** MATERIAL SUPPLIED follows **

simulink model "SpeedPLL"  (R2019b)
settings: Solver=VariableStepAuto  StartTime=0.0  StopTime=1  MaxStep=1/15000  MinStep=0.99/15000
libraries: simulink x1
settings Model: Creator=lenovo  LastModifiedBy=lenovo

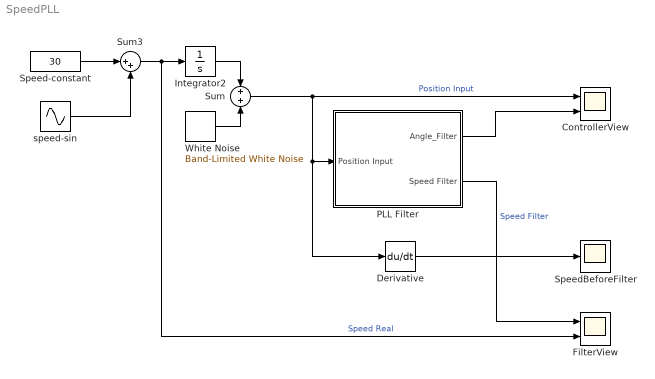
== system SpeedPLL ==
  ControllerView : Scope  NumInputPorts=2
  Derivative : Derivative
  FilterView : Scope  NumInputPorts=2
  Integrator2 : Integrator
  PLL Filter : Subsystem
  Speed-constant : Constant  Value=30
  SpeedBeforeFilter : Scope
  Sum : Sum  Inputs=+|+
  Sum3 : Sum  Inputs=|++
  White Noise : simulink/Sources/Band-Limited White Noise  Cov=0.0000005  Ts=1/1000  seed=[23341]
  speed-sin : Sin  Amplitude=10  Frequency=2*2*pi  SampleTime=0
  wires:
  Integrator2/1 -> Sum/1
  Sum/1 -> Derivative/1, PLL Filter/1(Position Input), ControllerView/1  "Position Input"
  Derivative/1 -> SpeedBeforeFilter/1
  White Noise/1 -> Sum/2
  speed-sin/1 -> Sum3/2
  Speed-constant/1 -> Sum3/1
  Sum3/1 -> FilterView/2, Integrator2/1  "Speed Real"
  PLL Filter/1(Angle_Filter) -> ControllerView/2
  PLL Filter/2(Speed Filter) -> FilterView/1  "Speed Filter"

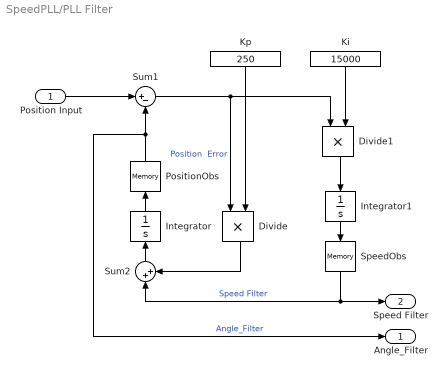
== system SpeedPLL/PLL Filter ==
  Position Input : Inport
  Divide : Product  Inputs=**
  Divide1 : Product  Inputs=**
  Integrator : Integrator
  Integrator1 : Integrator
  Ki : Constant  Value=15000
  Kp : Constant  Value=250
  PositionObs : Memory  StateName=ThetaObs
  SpeedObs : Memory  StateName=SpeedObs
  Sum1 : Sum  Inputs=|+-
  Sum2 : Sum  Inputs=|++
  Angle_Filter : Outport
  Speed Filter : Outport  Port=2
  wires:
  PositionObs/1 -> Sum1/2, Angle_Filter/1  "Angle_Filter"
  Position Input/1 -> Sum1/1
  Integrator/1 -> PositionObs/1
  SpeedObs/1 -> Sum2/1, Speed Filter/1  "Speed Filter"
  Kp/1 -> Divide/2
  Integrator1/1 -> SpeedObs/1
  Divide1/1 -> Integrator1/1
  Divide/1 -> Sum2/2
  Sum2/1 -> Integrator/1
  Ki/1 -> Divide1/2
  Sum1/1 -> Divide1/1, Divide/1  "Position  Error"
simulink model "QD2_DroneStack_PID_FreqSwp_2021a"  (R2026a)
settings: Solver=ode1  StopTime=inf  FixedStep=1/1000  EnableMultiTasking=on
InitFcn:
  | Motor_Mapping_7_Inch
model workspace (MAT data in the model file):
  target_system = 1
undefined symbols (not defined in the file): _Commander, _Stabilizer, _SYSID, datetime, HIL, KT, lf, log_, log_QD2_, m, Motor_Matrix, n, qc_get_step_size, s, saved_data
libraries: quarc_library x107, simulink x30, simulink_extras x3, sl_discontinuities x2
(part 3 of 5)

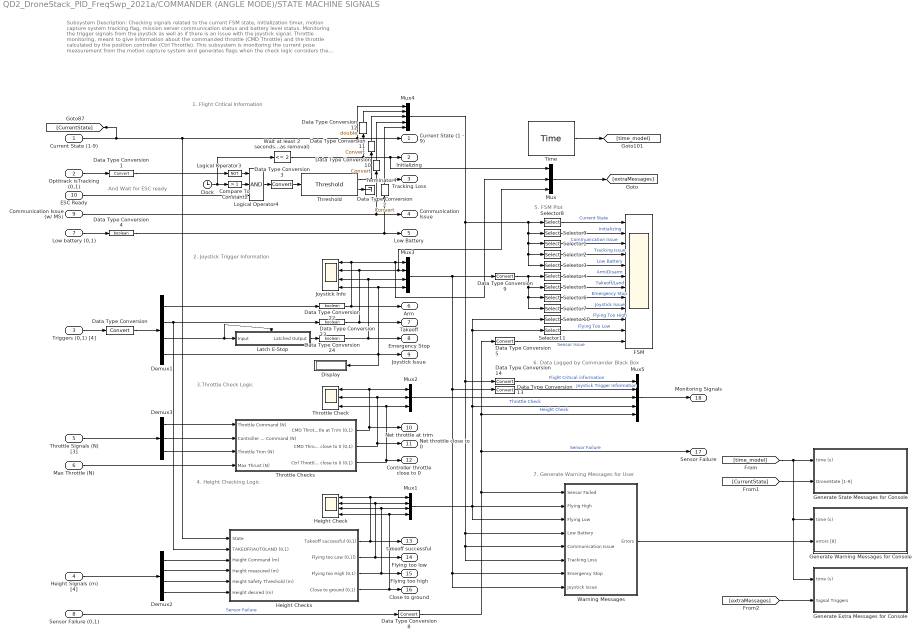
== system QD2_DroneStack_PID_FreqSwp_2021a/COMMANDER (ANGLE MODE)/STATE MACHINE SIGNALS ==
  note: 4. Height Checking Logic
  note: 3.Throttle Check Logic
  note: 2. Joystick Trigger Information
  note: 1. Flight Critical Information
  note: 6. Data Logged by Commander Black Box
  note: 5. FSM Plot
  note: 7. Generate Warning Messages for User
  note: Subsystem Description:
      | Checking signals related to the current FSM state, initialization timer, motion capture system tracking flag, mission server communication status and battery level status.
      | Monitoring the trigger signals from the joystick as well as if there is an issue with the joystick signal.
      | Throttle monitoring, meant to give information about the commanded throttle (CMD Throttle) and the throttle calculated by the position controller (Ctrl Throttle).
      | This subsystem is monitoring the current pose measurement from the motion capture system and generates flags when the check logic considers the QDrone flying to close to ground, too high or too low as well as generate a successful take off flag.
      | A subset of the FSM monitoring signals are shown using this scope. These signals are what Quanser considers importnat for flight.
      | FSM signals sent to the blackbox for post flight monitoring.
      | Error message generation based on flags generated by the FSM signal checks.
  note: And Wait for ESC ready
  Current State (1-9) : Inport
  "Optitrack isTracking (0,1)  " : Inport  Port=2
  Triggers (0,1) [4] : Inport  Port=3
  Height Signals (m) [4] : Inport  Port=4
  Throttle Signals (N) [3] : Inport  Port=5
  "Max Throttle (N) " : Inport  Port=6
  Low battery (0,1) : Inport  Port=7
  Sensor Failure (0,1) : Inport  Port=8
  Communication Issue (w/ MS) : Inport  Port=9
  ESC Ready : Inport  Port=10
  Clock : Clock
  Compare To Constant2 : simulink/Logic and Bit Operations/Compare To Constant  relop=>  const=1  OutDataTypeStr=boolean
  Data Type Conversion{,1..3,5,8..11,13..14} (11 alike) : DataTypeConversion  SaturateOnIntegerOverflow=off  RndMeth=Floor
  Data Type Conversion12 : DataTypeConversion  OutDataTypeStr=double  SaturateOnIntegerOverflow=off  RndMeth=Floor
  Data Type Conversion{4,22..24} (4 alike) : DataTypeConversion  OutDataTypeStr=boolean  SaturateOnIntegerOverflow=off  RndMeth=Floor
  Demux1 : Demux  Outputs=[1 1 1 1]
  Demux2 : Demux
  Demux3 : Demux  Outputs=3
  Display : Display
  FSM : Scope  NumInputPorts=12
      settings: TimeSpan=30  Title=Current State  ActiveDisplayYMinimum=0.9  ActiveDisplayYMaximum=1.1
  Generate Extra Messages for Console : Subsystem
  Generate State Messages for Console : Subsystem
  Generate Warning Messages for Console : Subsystem
  "Height Check " : Scope  NumInputPorts=4
      settings: Title=Takeoff Successful  ActiveDisplayYMinimum=-1  ActiveDisplayYMaximum=1  DataLoggingVariableName=ScopeData3
  Height Checks : Subsystem
  Joystick Info : Scope  NumInputPorts=4
      settings: Title=Arm
  Latch E-Stop : Subsystem  TreatAsAtomicUnit=on
  Logical Operator3 : Logic  Operator=NOT  AllPortsSameDT=off  OutDataTypeStr=boolean
  Logical Operator4 : Logic  Inputs=3  AllPortsSameDT=off  OutDataTypeStr=boolean
  Mux : Mux  Inputs=3
  Mux1 : Mux  Inputs=[1 1 1 1]
  Mux2 : Mux  Inputs=[1 1 1]
  Mux3 : Mux  Inputs=[1 1 1 1]
  Mux4 : Mux  Inputs=[1 1 1 1 1]
  Mux5 : Mux  Inputs=[5 4 3 4 1]
  Selector1 : Selector  InputPortWidth=5  IndexOptions=Index vector (dialog)  Indices=4  OutputSizes=1
  Selector10 : Selector  InputPortWidth=4  IndexOptions=Index vector (dialog)  Indices=3  OutputSizes=1
  Selector11 : Selector  InputPortWidth=4  IndexOptions=Index vector (dialog)  Indices=2  OutputSizes=1
  Selector2 : Selector  InputPortWidth=5  IndexOptions=Index vector (dialog)  Indices=3  OutputSizes=1
  Selector3 : Selector  InputPortWidth=5  IndexOptions=Index vector (dialog)  Indices=5  OutputSizes=1
  Selector4 : Selector  InputPortWidth=4  IndexOptions=Index vector (dialog)  Indices=1  OutputSizes=1
  Selector5 : Selector  InputPortWidth=4  IndexOptions=Index vector (dialog)  Indices=2  OutputSizes=1
  Selector6 : Selector  InputPortWidth=4  IndexOptions=Index vector (dialog)  Indices=3  OutputSizes=1
  Selector7 : Selector  InputPortWidth=4  IndexOptions=Index vector (dialog)  Indices=4  OutputSizes=1
  Selector8 : Selector  InputPortWidth=5  IndexOptions=Index vector (dialog)  Indices=1  OutputSizes=1
  Selector9 : Selector  InputPortWidth=5  IndexOptions=Index vector (dialog)  Indices=2  OutputSizes=1
  Terminator4 : Terminator
  Threshold : quarc_library/Discontinuities/Threshold  operator=>=  param_src=Specify via dialog  threshold=0.5  duration=0.2
      settings: SourceProductName=QUARC Targets
  Throttle Check : Scope  NumInputPorts=3
      settings: Title=Command Throttle At Trim  ActiveDisplayYMinimum=-0.125  ActiveDisplayYMaximum=1.125  DataLoggingVariableName=ScopeData2
  Throttle Checks : Subsystem
  Time : quarc_library/Sources/Time/Time  time_source=Wall clock  sample_time=qc_get_step_size
  "Wait at least 2 seconds to allow for initialization (e.g., bias removal)" : simulink/Logic and Bit Operations/Compare To Constant  relop=<=  const=2  OutDataTypeStr=boolean
  Warning Messages : Subsystem
  "Current State (1 - 9)  " : Outport  VectorParamsAs1DForOutWhenUnconnected=off
  Initializing : Outport  Port=2  VectorParamsAs1DForOutWhenUnconnected=off
  Tracking Loss : Outport  Port=3  VectorParamsAs1DForOutWhenUnconnected=off
  Communication Issue : Outport  Port=4  VectorParamsAs1DForOutWhenUnconnected=off
  Low Battery : Outport  Port=5  VectorParamsAs1DForOutWhenUnconnected=off
  Arm : Outport  Port=6  VectorParamsAs1DForOutWhenUnconnected=off
  Takeoff : Outport  Port=7  VectorParamsAs1DForOutWhenUnconnected=off
  Emergency Stop : Outport  Port=8  VectorParamsAs1DForOutWhenUnconnected=off
  "Joystick Issue " : Outport  Port=9  VectorParamsAs1DForOutWhenUnconnected=off
  Net throttle at trim : Outport  Port=10  VectorParamsAs1DForOutWhenUnconnected=off
  Net throttle close to 0 : Outport  Port=11  VectorParamsAs1DForOutWhenUnconnected=off
  Controller throttle close to 0 : Outport  Port=12  VectorParamsAs1DForOutWhenUnconnected=off
  takeoff successful : Outport  Port=13  VectorParamsAs1DForOutWhenUnconnected=off
  Flying too low : Outport  Port=14  VectorParamsAs1DForOutWhenUnconnected=off
  Flying too high : Outport  Port=15  VectorParamsAs1DForOutWhenUnconnected=off
  Close to ground : Outport  Port=16  VectorParamsAs1DForOutWhenUnconnected=off
  "  Sensor Failure" : Outport  Port=17  VectorParamsAs1DForOutWhenUnconnected=off
  Monitoring Signals : Outport  Port=18  VectorParamsAs1DForOutWhenUnconnected=off
  wires:
  ESC Ready/1 -> Logical Operator4/3
  [extraMessages] -> Generate Extra Messages for Console/2(Signal Triggers)
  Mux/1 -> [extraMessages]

** End of MATERIAL SUPPLIED **

- **TASK ITEM**
Where a line of the data includes the string "Sources", list that line.

- **REPLY**
  White Noise : simulink/Sources/Band-Limited White Noise  Cov=0.0000005  Ts=1/1000  seed=[23341]
  Time : quarc_library/Sources/Time/Time  time_source=Wall clock  sample_time=qc_get_step_size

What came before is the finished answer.